# Heaven and Hell Food



## printersdevil (Sep 7, 2009)

The marshmallow creme dip for fruit would be good. You could mix it up and use red grapes and red apples, etc. so the Heaven and Hell merge.

Cream cheese and picante dip. (my favorite) Last year I served it in a loaf of pumpernickel bread hollowed out and the top cut and opened to look like a coffin. I used pretzel sticks for the handles on the front.


----------



## ShannoninPa (Oct 19, 2009)

spicy chicken wings

some dessert with powered sugar on it( cookies or donuts)

salsa with blue corn chips

white cheeses

you could have some red hots or fireballs in a candy bowl


----------



## Maxiboots (Aug 31, 2010)

I'm serving all red and white food this year. I don't have any creative names, but here is a working list of what I will most likely serve:
Sweets - Meringue bones (Martha Stewart), Witch's fingers, white chocolate mice truffles (both on allrecipes.com), yogurt covered raisins, white chocolate pretzels, red velvet cake with rasberry filling, red chocolate covered cherries. Cranberry chutney - family favorite, great with cream cheese, also at allrecipe.com
Savory - marinated mozzarella balls, hummus with pita chips, turkey slices, artichoke dip, table water crackers and brie, roasted red peppers. possibly will also serve white asparagus and deviled eggs.
Fruit - rasberries, strawberries and cherries
maybe someone more creative than me can give you some names to use.


----------



## yummum29 (Oct 22, 2008)

printersdevil said:


> The marshmallow creme dip for fruit would be good. You could mix it up and use red grapes and red apples, etc. so the Heaven and Hell merge.
> 
> Cream cheese and picante dip. (my favorite) Last year I served it in a loaf of pumpernickel bread hollowed out and the top cut and opened to look like a coffin. I used pretzel sticks for the handles on the front.


 I am doing the coffin thing too this year, but how did you attach the pretzel sticks to the bread??


----------



## yummum29 (Oct 22, 2008)

I don't know how many people you are having or how crazy your party gets, but you could have a cheese fondue?? You have a little fire, and a little heaven all rolled into one, you could call it "Heaven's on fire" ???

Luv the marshmallow dip idea, you could call it cloud dip or Angel's dip?
hot or barbeque wings, - devil's wings ?
what about something round (doughnuts, onion rings, calamari) and call them Halos?
If there is alcohol , how about cinnamon shots (devil's kisses or fireballs) 

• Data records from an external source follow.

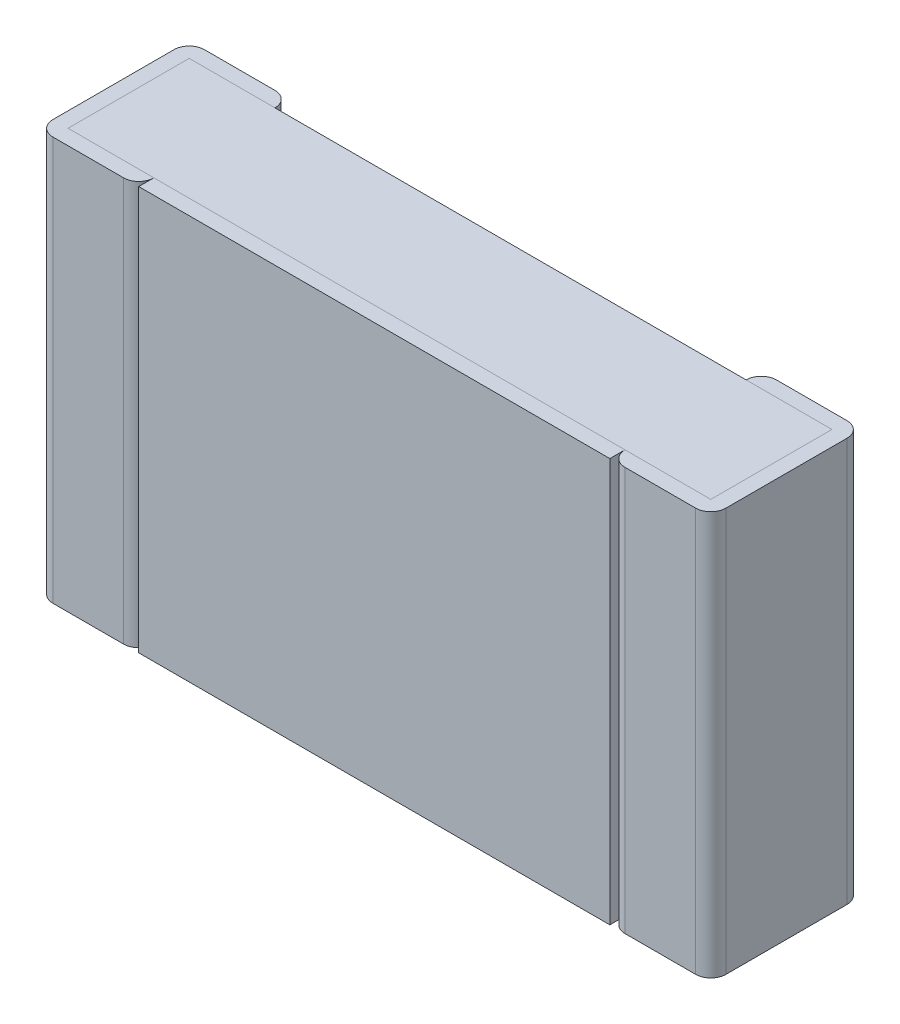
ISO-10303-21;
HEADER;
FILE_DESCRIPTION(('STEP AP214'),'2;1');
FILE_NAME('part.step','',(''),(''),'','','');
FILE_SCHEMA(('AUTOMOTIVE_DESIGN { 1 0 10303 214 1 1 1 1 }'));
ENDSEC;
DATA;
#1=APPLICATION_CONTEXT('core data for automotive mechanical design processes');
#2=APPLICATION_PROTOCOL_DEFINITION('international standard','automotive_design',2000,#1);
#3=PRODUCT_CONTEXT('',#1,'mechanical');
#4=PRODUCT('Part','Part','',(#3));
#5=PRODUCT_RELATED_PRODUCT_CATEGORY('part','',(#4));
#6=PRODUCT_DEFINITION_FORMATION('','',#4);
#7=PRODUCT_DEFINITION_CONTEXT('part definition',#1,'design');
#8=PRODUCT_DEFINITION('design','',#6,#7);
#9=PRODUCT_DEFINITION_SHAPE('','',#8);
#10=(LENGTH_UNIT() NAMED_UNIT(*) SI_UNIT(.MILLI.,.METRE.));
#11=(NAMED_UNIT(*) PLANE_ANGLE_UNIT() SI_UNIT($,.RADIAN.));
#12=(NAMED_UNIT(*) SI_UNIT($,.STERADIAN.) SOLID_ANGLE_UNIT());
#13=UNCERTAINTY_MEASURE_WITH_UNIT(LENGTH_MEASURE(1.E-05),#10,'distance_accuracy_value','');
#14=(GEOMETRIC_REPRESENTATION_CONTEXT(3) GLOBAL_UNCERTAINTY_ASSIGNED_CONTEXT((#13)) GLOBAL_UNIT_ASSIGNED_CONTEXT((#10,
#11,#12)) REPRESENTATION_CONTEXT('',''));
#15=CARTESIAN_POINT('',(0.,0.,0.));
#16=DIRECTION('',(0.,0.,1.));
#17=DIRECTION('',(1.,0.,0.));
#18=AXIS2_PLACEMENT_3D('',#15,#16,#17);
#19=CARTESIAN_POINT('',(-1.,-0.6,0.));
#20=DIRECTION('',(1.,0.,0.));
#21=DIRECTION('',(0.,1.,0.));
#22=AXIS2_PLACEMENT_3D('',#19,#20,#21);
#23=PLANE('',#22);
#24=DIRECTION('',(0.,1.,0.));
#25=VECTOR('',#24,1.);
#26=CARTESIAN_POINT('',(-1.,-0.6,0.405));
#27=LINE('',#26,#25);
#28=CARTESIAN_POINT('',(-1.,-0.6,0.405));
#29=VERTEX_POINT('',#28);
#30=CARTESIAN_POINT('',(-1.,0.6,0.405));
#31=VERTEX_POINT('',#30);
#32=EDGE_CURVE('E11',#29,#31,#27,.T.);
#33=ORIENTED_EDGE('',*,*,#32,.T.);
#34=DIRECTION('',(0.,0.,1.));
#35=VECTOR('',#34,1.);
#36=CARTESIAN_POINT('',(-1.,0.6,0.));
#37=LINE('',#36,#35);
#38=CARTESIAN_POINT('',(-1.,0.6,0.045));
#39=VERTEX_POINT('',#38);
#40=EDGE_CURVE('E41',#39,#31,#37,.T.);
#41=ORIENTED_EDGE('',*,*,#40,.F.);
#42=DIRECTION('',(0.,1.,0.));
#43=VECTOR('',#42,1.);
#44=CARTESIAN_POINT('',(-1.,-0.6,0.045));
#45=LINE('',#44,#43);
#46=CARTESIAN_POINT('',(-1.,-0.6,0.045));
#47=VERTEX_POINT('',#46);
#48=EDGE_CURVE('E301',#47,#39,#45,.T.);
#49=ORIENTED_EDGE('',*,*,#48,.F.);
#50=DIRECTION('',(0.,0.,1.));
#51=VECTOR('',#50,1.);
#52=CARTESIAN_POINT('',(-1.,-0.6,0.));
#53=LINE('',#52,#51);
#54=EDGE_CURVE('E27',#47,#29,#53,.T.);
#55=ORIENTED_EDGE('',*,*,#54,.T.);
#56=EDGE_LOOP('',(#33,#41,#49,#55));
#57=FACE_BOUND('',#56,.T.);
#58=ADVANCED_FACE('F16',(#57),#23,.F.);
#59=CARTESIAN_POINT('',(-1.,-0.6,0.));
#60=DIRECTION('',(0.,1.,0.));
#61=DIRECTION('',(1.,0.,0.));
#62=AXIS2_PLACEMENT_3D('',#59,#60,#61);
#63=PLANE('',#62);
#64=CARTESIAN_POINT('',(-0.745,-0.6,0.045));
#65=DIRECTION('',(0.,1.,0.));
#66=DIRECTION('',(0.,0.,1.));
#67=AXIS2_PLACEMENT_3D('',#64,#65,#66);
#68=CIRCLE('',#67,0.045);
#69=CARTESIAN_POINT('',(-0.7,-0.6,0.045));
#70=VERTEX_POINT('',#69);
#71=CARTESIAN_POINT('',(-0.745,-0.6,0.));
#72=VERTEX_POINT('',#71);
#73=EDGE_CURVE('E404',#70,#72,#68,.T.);
#74=ORIENTED_EDGE('',*,*,#73,.F.);
#75=DIRECTION('',(1.,0.,0.));
#76=VECTOR('',#75,1.);
#77=CARTESIAN_POINT('',(-0.955,-0.6,0.045));
#78=LINE('',#77,#76);
#79=CARTESIAN_POINT('',(-0.955,-0.6,0.045));
#80=VERTEX_POINT('',#79);
#81=EDGE_CURVE('E261',#80,#70,#78,.T.);
#82=ORIENTED_EDGE('',*,*,#81,.F.);
#83=DIRECTION('',(0.,0.,1.));
#84=VECTOR('',#83,1.);
#85=CARTESIAN_POINT('',(-0.955,-0.6,0.045));
#86=LINE('',#85,#84);
#87=CARTESIAN_POINT('',(-0.955,-0.6,0.405));
#88=VERTEX_POINT('',#87);
#89=EDGE_CURVE('E278',#80,#88,#86,.T.);
#90=ORIENTED_EDGE('',*,*,#89,.T.);
#91=DIRECTION('',(1.,0.,0.));
#92=VECTOR('',#91,1.);
#93=CARTESIAN_POINT('',(-0.955,-0.6,0.405));
#94=LINE('',#93,#92);
#95=CARTESIAN_POINT('',(-0.7,-0.6,0.405));
#96=VERTEX_POINT('',#95);
#97=EDGE_CURVE('E250',#88,#96,#94,.T.);
#98=ORIENTED_EDGE('',*,*,#97,.T.);
#99=CARTESIAN_POINT('',(-0.745,-0.6,0.405));
#100=DIRECTION('',(0.,-1.,0.));
#101=DIRECTION('',(0.,0.,1.));
#102=AXIS2_PLACEMENT_3D('',#99,#100,#101);
#103=CIRCLE('',#102,0.045);
#104=CARTESIAN_POINT('',(-0.745,-0.6,0.45));
#105=VERTEX_POINT('',#104);
#106=EDGE_CURVE('E247',#96,#105,#103,.T.);
#107=ORIENTED_EDGE('',*,*,#106,.T.);
#108=DIRECTION('',(1.,0.,0.));
#109=VECTOR('',#108,1.);
#110=CARTESIAN_POINT('',(-1.,-0.6,0.45));
#111=LINE('',#110,#109);
#112=CARTESIAN_POINT('',(-0.955,-0.6,0.45));
#113=VERTEX_POINT('',#112);
#114=EDGE_CURVE('E266',#113,#105,#111,.T.);
#115=ORIENTED_EDGE('',*,*,#114,.F.);
#116=CARTESIAN_POINT('',(-0.955,-0.6,0.405));
#117=DIRECTION('',(0.,1.,0.));
#118=DIRECTION('',(0.,0.,1.));
#119=AXIS2_PLACEMENT_3D('',#116,#117,#118);
#120=CIRCLE('',#119,0.045);
#121=EDGE_CURVE('E302',#29,#113,#120,.T.);
#122=ORIENTED_EDGE('',*,*,#121,.F.);
#123=ORIENTED_EDGE('',*,*,#54,.F.);
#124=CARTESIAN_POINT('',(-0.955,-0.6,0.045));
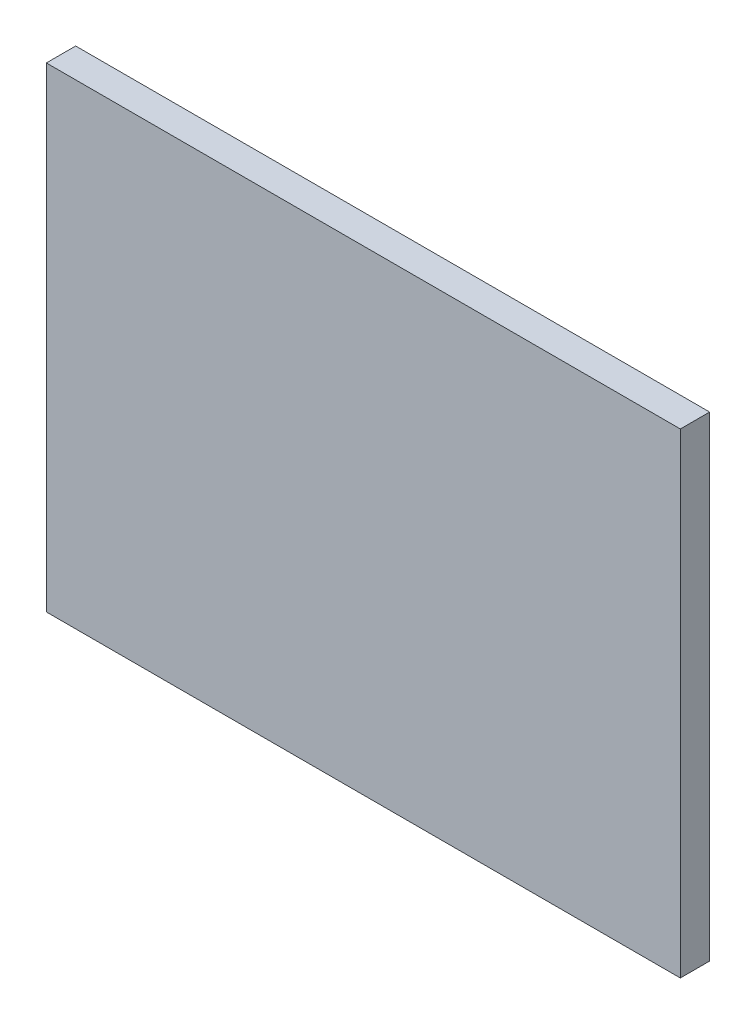
ISO-10303-21;
HEADER;
FILE_DESCRIPTION(('STEP AP214'),'2;1');
FILE_NAME('part.step','',(''),(''),'','','');
FILE_SCHEMA(('AUTOMOTIVE_DESIGN { 1 0 10303 214 1 1 1 1 }'));
ENDSEC;
DATA;
#1=APPLICATION_CONTEXT('core data for automotive mechanical design processes');
#2=APPLICATION_PROTOCOL_DEFINITION('international standard','automotive_design',2000,#1);
#3=PRODUCT_CONTEXT('',#1,'mechanical');
#4=PRODUCT('Part','Part','',(#3));
#5=PRODUCT_RELATED_PRODUCT_CATEGORY('part','',(#4));
#6=PRODUCT_DEFINITION_FORMATION('','',#4);
#7=PRODUCT_DEFINITION_CONTEXT('part definition',#1,'design');
#8=PRODUCT_DEFINITION('design','',#6,#7);
#9=PRODUCT_DEFINITION_SHAPE('','',#8);
#10=(LENGTH_UNIT() NAMED_UNIT(*) SI_UNIT(.MILLI.,.METRE.));
#11=(NAMED_UNIT(*) PLANE_ANGLE_UNIT() SI_UNIT($,.RADIAN.));
#12=(NAMED_UNIT(*) SI_UNIT($,.STERADIAN.) SOLID_ANGLE_UNIT());
#13=UNCERTAINTY_MEASURE_WITH_UNIT(LENGTH_MEASURE(1.E-05),#10,'distance_accuracy_value','');
#14=(GEOMETRIC_REPRESENTATION_CONTEXT(3) GLOBAL_UNCERTAINTY_ASSIGNED_CONTEXT((#13)) GLOBAL_UNIT_ASSIGNED_CONTEXT((#10,
#11,#12)) REPRESENTATION_CONTEXT('',''));
#15=CARTESIAN_POINT('',(0.,0.,0.));
#16=DIRECTION('',(0.,0.,1.));
#17=DIRECTION('',(1.,0.,0.));
#18=AXIS2_PLACEMENT_3D('',#15,#16,#17);
#19=CARTESIAN_POINT('',(0.,0.,9.398));
#20=DIRECTION('',(1.,0.,0.));
#21=DIRECTION('',(0.,0.,-1.));
#22=AXIS2_PLACEMENT_3D('',#19,#20,#21);
#23=PLANE('',#22);
#24=DIRECTION('',(0.,-1.,0.));
#25=VECTOR('',#24,1.);
#26=CARTESIAN_POINT('',(0.,0.,0.));
#27=LINE('',#26,#25);
#28=CARTESIAN_POINT('',(0.,152.4,0.));
#29=VERTEX_POINT('',#28);
#30=CARTESIAN_POINT('',(0.,0.,0.));
#31=VERTEX_POINT('',#30);
#32=EDGE_CURVE('E96',#29,#31,#27,.T.);
#33=ORIENTED_EDGE('',*,*,#32,.T.);
#34=DIRECTION('',(0.,0.,-1.));
#35=VECTOR('',#34,1.);
#36=CARTESIAN_POINT('',(0.,0.,9.398));
#37=LINE('',#36,#35);
#38=CARTESIAN_POINT('',(0.,0.,9.398));
#39=VERTEX_POINT('',#38);
#40=EDGE_CURVE('E11',#39,#31,#37,.T.);
#41=ORIENTED_EDGE('',*,*,#40,.F.);
#42=DIRECTION('',(0.,-1.,0.));
#43=VECTOR('',#42,1.);
#44=CARTESIAN_POINT('',(0.,0.,9.398));
#45=LINE('',#44,#43);
#46=CARTESIAN_POINT('',(0.,152.4,9.398));
#47=VERTEX_POINT('',#46);
#48=EDGE_CURVE('E84',#47,#39,#45,.T.);
#49=ORIENTED_EDGE('',*,*,#48,.F.);
#50=DIRECTION('',(0.,0.,-1.));
#51=VECTOR('',#50,1.);
#52=CARTESIAN_POINT('',(0.,152.4,9.398));
#53=LINE('',#52,#51);
#54=EDGE_CURVE('E92',#47,#29,#53,.T.);
#55=ORIENTED_EDGE('',*,*,#54,.T.);
#56=EDGE_LOOP('',(#33,#41,#49,#55));
#57=FACE_BOUND('',#56,.T.);
#58=ADVANCED_FACE('F33',(#57),#23,.F.);
#59=CARTESIAN_POINT('',(0.,0.,9.398));
#60=DIRECTION('',(0.,1.,0.));
#61=DIRECTION('',(0.,0.,1.));
#62=AXIS2_PLACEMENT_3D('',#59,#60,#61);
#63=PLANE('',#62);
#64=DIRECTION('',(1.,0.,0.));
#65=VECTOR('',#64,1.);
#66=CARTESIAN_POINT('',(0.,0.,0.));
#67=LINE('',#66,#65);
#68=CARTESIAN_POINT('',(203.2,0.,0.));
#69=VERTEX_POINT('',#68);
#70=EDGE_CURVE('E88',#31,#69,#67,.T.);
#71=ORIENTED_EDGE('',*,*,#70,.T.);
#72=DIRECTION('',(0.,0.,-1.));
#73=VECTOR('',#72,1.);
#74=CARTESIAN_POINT('',(203.2,0.,9.398));
#75=LINE('',#74,#73);
#76=CARTESIAN_POINT('',(203.2,0.,9.398));
#77=VERTEX_POINT('',#76);
#78=EDGE_CURVE('E41',#77,#69,#75,.T.);
#79=ORIENTED_EDGE('',*,*,#78,.F.);
#80=DIRECTION('',(1.,0.,0.));
#81=VECTOR('',#80,1.);
#82=CARTESIAN_POINT('',(0.,0.,9.398));
#83=LINE('',#82,#81);
#84=EDGE_CURVE('E79',#39,#77,#83,.T.);
#85=ORIENTED_EDGE('',*,*,#84,.F.);
#86=ORIENTED_EDGE('',*,*,#40,.T.);
#87=EDGE_LOOP('',(#71,#79,#85,#86));
#88=FACE_BOUND('',#87,.T.);
#89=ADVANCED_FACE('F87',(#88),#63,.F.);
#90=CARTESIAN_POINT('',(203.2,0.,9.398));
#91=DIRECTION('',(-1.,0.,0.));
#92=DIRECTION('',(0.,-1.,0.));
#93=AXIS2_PLACEMENT_3D('',#90,#91,#92);
#94=PLANE('',#93);
#95=DIRECTION('',(0.,1.,0.));
#96=VECTOR('',#95,1.);
#97=CARTESIAN_POINT('',(203.2,0.,0.));
#98=LINE('',#97,#96);
#99=CARTESIAN_POINT('',(203.2,152.4,0.));
#100=VERTEX_POINT('',#99);
#101=EDGE_CURVE('E66',#69,#100,#98,.T.);
#102=ORIENTED_EDGE('',*,*,#101,.T.);
#103=DIRECTION('',(0.,0.,-1.));
#104=VECTOR('',#103,1.);
#105=CARTESIAN_POINT('',(203.2,152.4,9.398));
#106=LINE('',#105,#104);
#107=CARTESIAN_POINT('',(203.2,152.4,9.398));
#108=VERTEX_POINT('',#107);
#109=EDGE_CURVE('E89',#108,#100,#106,.T.);
#110=ORIENTED_EDGE('',*,*,#109,.F.);
#111=DIRECTION('',(0.,1.,0.));
#112=VECTOR('',#111,1.);
#113=CARTESIAN_POINT('',(203.2,0.,9.398));
#114=LINE('',#113,#112);
#115=EDGE_CURVE('E82',#77,#108,#114,.T.);
#116=ORIENTED_EDGE('',*,*,#115,.F.);
#117=ORIENTED_EDGE('',*,*,#78,.T.);
#118=EDGE_LOOP('',(#102,#110,#116,#117));
#119=FACE_BOUND('',#118,.T.);
#120=ADVANCED_FACE('F90',(#119),#94,.F.);
#121=CARTESIAN_POINT('',(0.,152.4,9.398));
#122=DIRECTION('',(0.,-1.,0.));
#123=DIRECTION('',(0.,0.,-1.));
#124=AXIS2_PLACEMENT_3D('',#121,#122,#123);
#125=PLANE('',#124);
#126=DIRECTION('',(-1.,0.,0.));
#127=VECTOR('',#126,1.);
#128=CARTESIAN_POINT('',(0.,152.4,0.));
#129=LINE('',#128,#127);
#130=EDGE_CURVE('E72',#100,#29,#129,.T.);
#131=ORIENTED_EDGE('',*,*,#130,.T.);
#132=ORIENTED_EDGE('',*,*,#54,.F.);
#133=DIRECTION('',(-1.,0.,0.));
#134=VECTOR('',#133,1.);
#135=CARTESIAN_POINT('',(0.,152.4,9.398));
#136=LINE('',#135,#134);
#137=EDGE_CURVE('E49',#108,#47,#136,.T.);
#138=ORIENTED_EDGE('',*,*,#137,.F.);
#139=ORIENTED_EDGE('',*,*,#109,.T.);
#140=EDGE_LOOP('',(#131,#132,#138,#139));
#141=FACE_BOUND('',#140,.T.);
#142=ADVANCED_FACE('F103',(#141),#125,.F.);
#143=CARTESIAN_POINT('',(0.,0.,9.398));
#144=DIRECTION('',(0.,0.,-1.));
#145=DIRECTION('',(-1.,0.,0.));
#146=AXIS2_PLACEMENT_3D('',#143,#144,#145);
#147=PLANE('',#146);
#148=ORIENTED_EDGE('',*,*,#48,.T.);
#149=ORIENTED_EDGE('',*,*,#84,.T.);
#150=ORIENTED_EDGE('',*,*,#115,.T.);
#151=ORIENTED_EDGE('',*,*,#137,.T.);
#152=EDGE_LOOP('',(#148,#149,#150,#151));
#153=FACE_BOUND('',#152,.T.);
#154=ADVANCED_FACE('F80',(#153),#147,.F.);
#155=CARTESIAN_POINT('',(0.,0.,0.));
#156=DIRECTION('',(0.,0.,-1.));
#157=DIRECTION('',(-1.,0.,0.));
#158=AXIS2_PLACEMENT_3D('',#155,#156,#157);
#159=PLANE('',#158);
#160=ORIENTED_EDGE('',*,*,#32,.F.);
#161=ORIENTED_EDGE('',*,*,#130,.F.);
#162=ORIENTED_EDGE('',*,*,#101,.F.);
#163=ORIENTED_EDGE('',*,*,#70,.F.);
#164=EDGE_LOOP('',(#160,#161,#162,#163));
#165=FACE_BOUND('',#164,.T.);
#166=ADVANCED_FACE('F106',(#165),#159,.T.);
#167=CLOSED_SHELL('',(#58,#89,#120,#142,#154,#166));
#168=MANIFOLD_SOLID_BREP('B2',#167);
#169=ADVANCED_BREP_SHAPE_REPRESENTATION('',(#18,#168),#14);
#170=SHAPE_DEFINITION_REPRESENTATION(#9,#169);
ENDSEC;
END-ISO-10303-21;

that's all my brain has right now, lol .


----------



## HellsKitchenette (Oct 13, 2007)

Angel's Food cake & Devil's Food cake!

We're doing just the Hell part; here's our menu:
Five-Pepper Chili
Spicy Meatballs 
Spicy Wings
Jalapeno Cornbread
Jalapeno Poppers Wrapped in Bacon
Spicy Cheese Dip
Deviled Eggs
Red & orange peppers with dip
Devil's Food Cupcakes
Apples with Caramel Dip 

Appletinis
Bloody Marys
Flaming Drinks

Good luck! I'll be keeping an eye on this thread too, for any more ideas!


----------



## yummum29 (Oct 22, 2008)

Of course, Devilled Eggs and devil's food cake and bloody marys!! Duh! lol. Princess, it seems the hell part of this is easier than the heaven!


----------



## princessdark (Jul 17, 2007)

*So far*

Love the ideas! Keep them coming, like the donuts as "halos" and the marshmallow creme dip for fruit, something with heaven and hell merging!

so far I'm thinking:

Heaven:
White pizza
Angels food cake
White chocolate covered pretzels
Vanilla meringue cookies
White cheddar popcorn or cheese puffs
Mozzarella sticks/red sauce (a merge!)
Sprite

Hell:
Red Sauce Pizza
Devils food cake cupcakes
Red hot candies
Cinnamon popcorn(if I can find it)
Sweet Balls of fire (meatballs crockpot)
Red Doritos


----------



## princessdark (Jul 17, 2007)

*one more*

How could I forget?

For Hell: A "Demon Martini" (a pomegranate martini)

Suck and Blow shots (have to determine which kind to make yet)


----------



## Mizerella (Aug 6, 2009)

Yes like everyone said you def need to do the Angel food and Devils food Cake.

Hell seems easier how about for Heaven....Ambrosia and Divinity?


----------



## printersdevil (Sep 7, 2009)

White corn chips and salsa. In Texas we have a brand called Hotter Than Hell. You could just name it that!


----------



## printersdevil (Sep 7, 2009)

Yummum, I attached the pretzel rods to the bread coffin with wood toothpicks. I called it Dead Man's Dip.


----------



## yummum29 (Oct 22, 2008)

thanks!! I figured as much...


----------



## marigolddesigns (Sep 5, 2010)

Just saw on the HGTV halloween special - blood fondue - melted chocolate fondue, tinted red - served with pound cake, pretzel sticks, strawberries, etc...


----------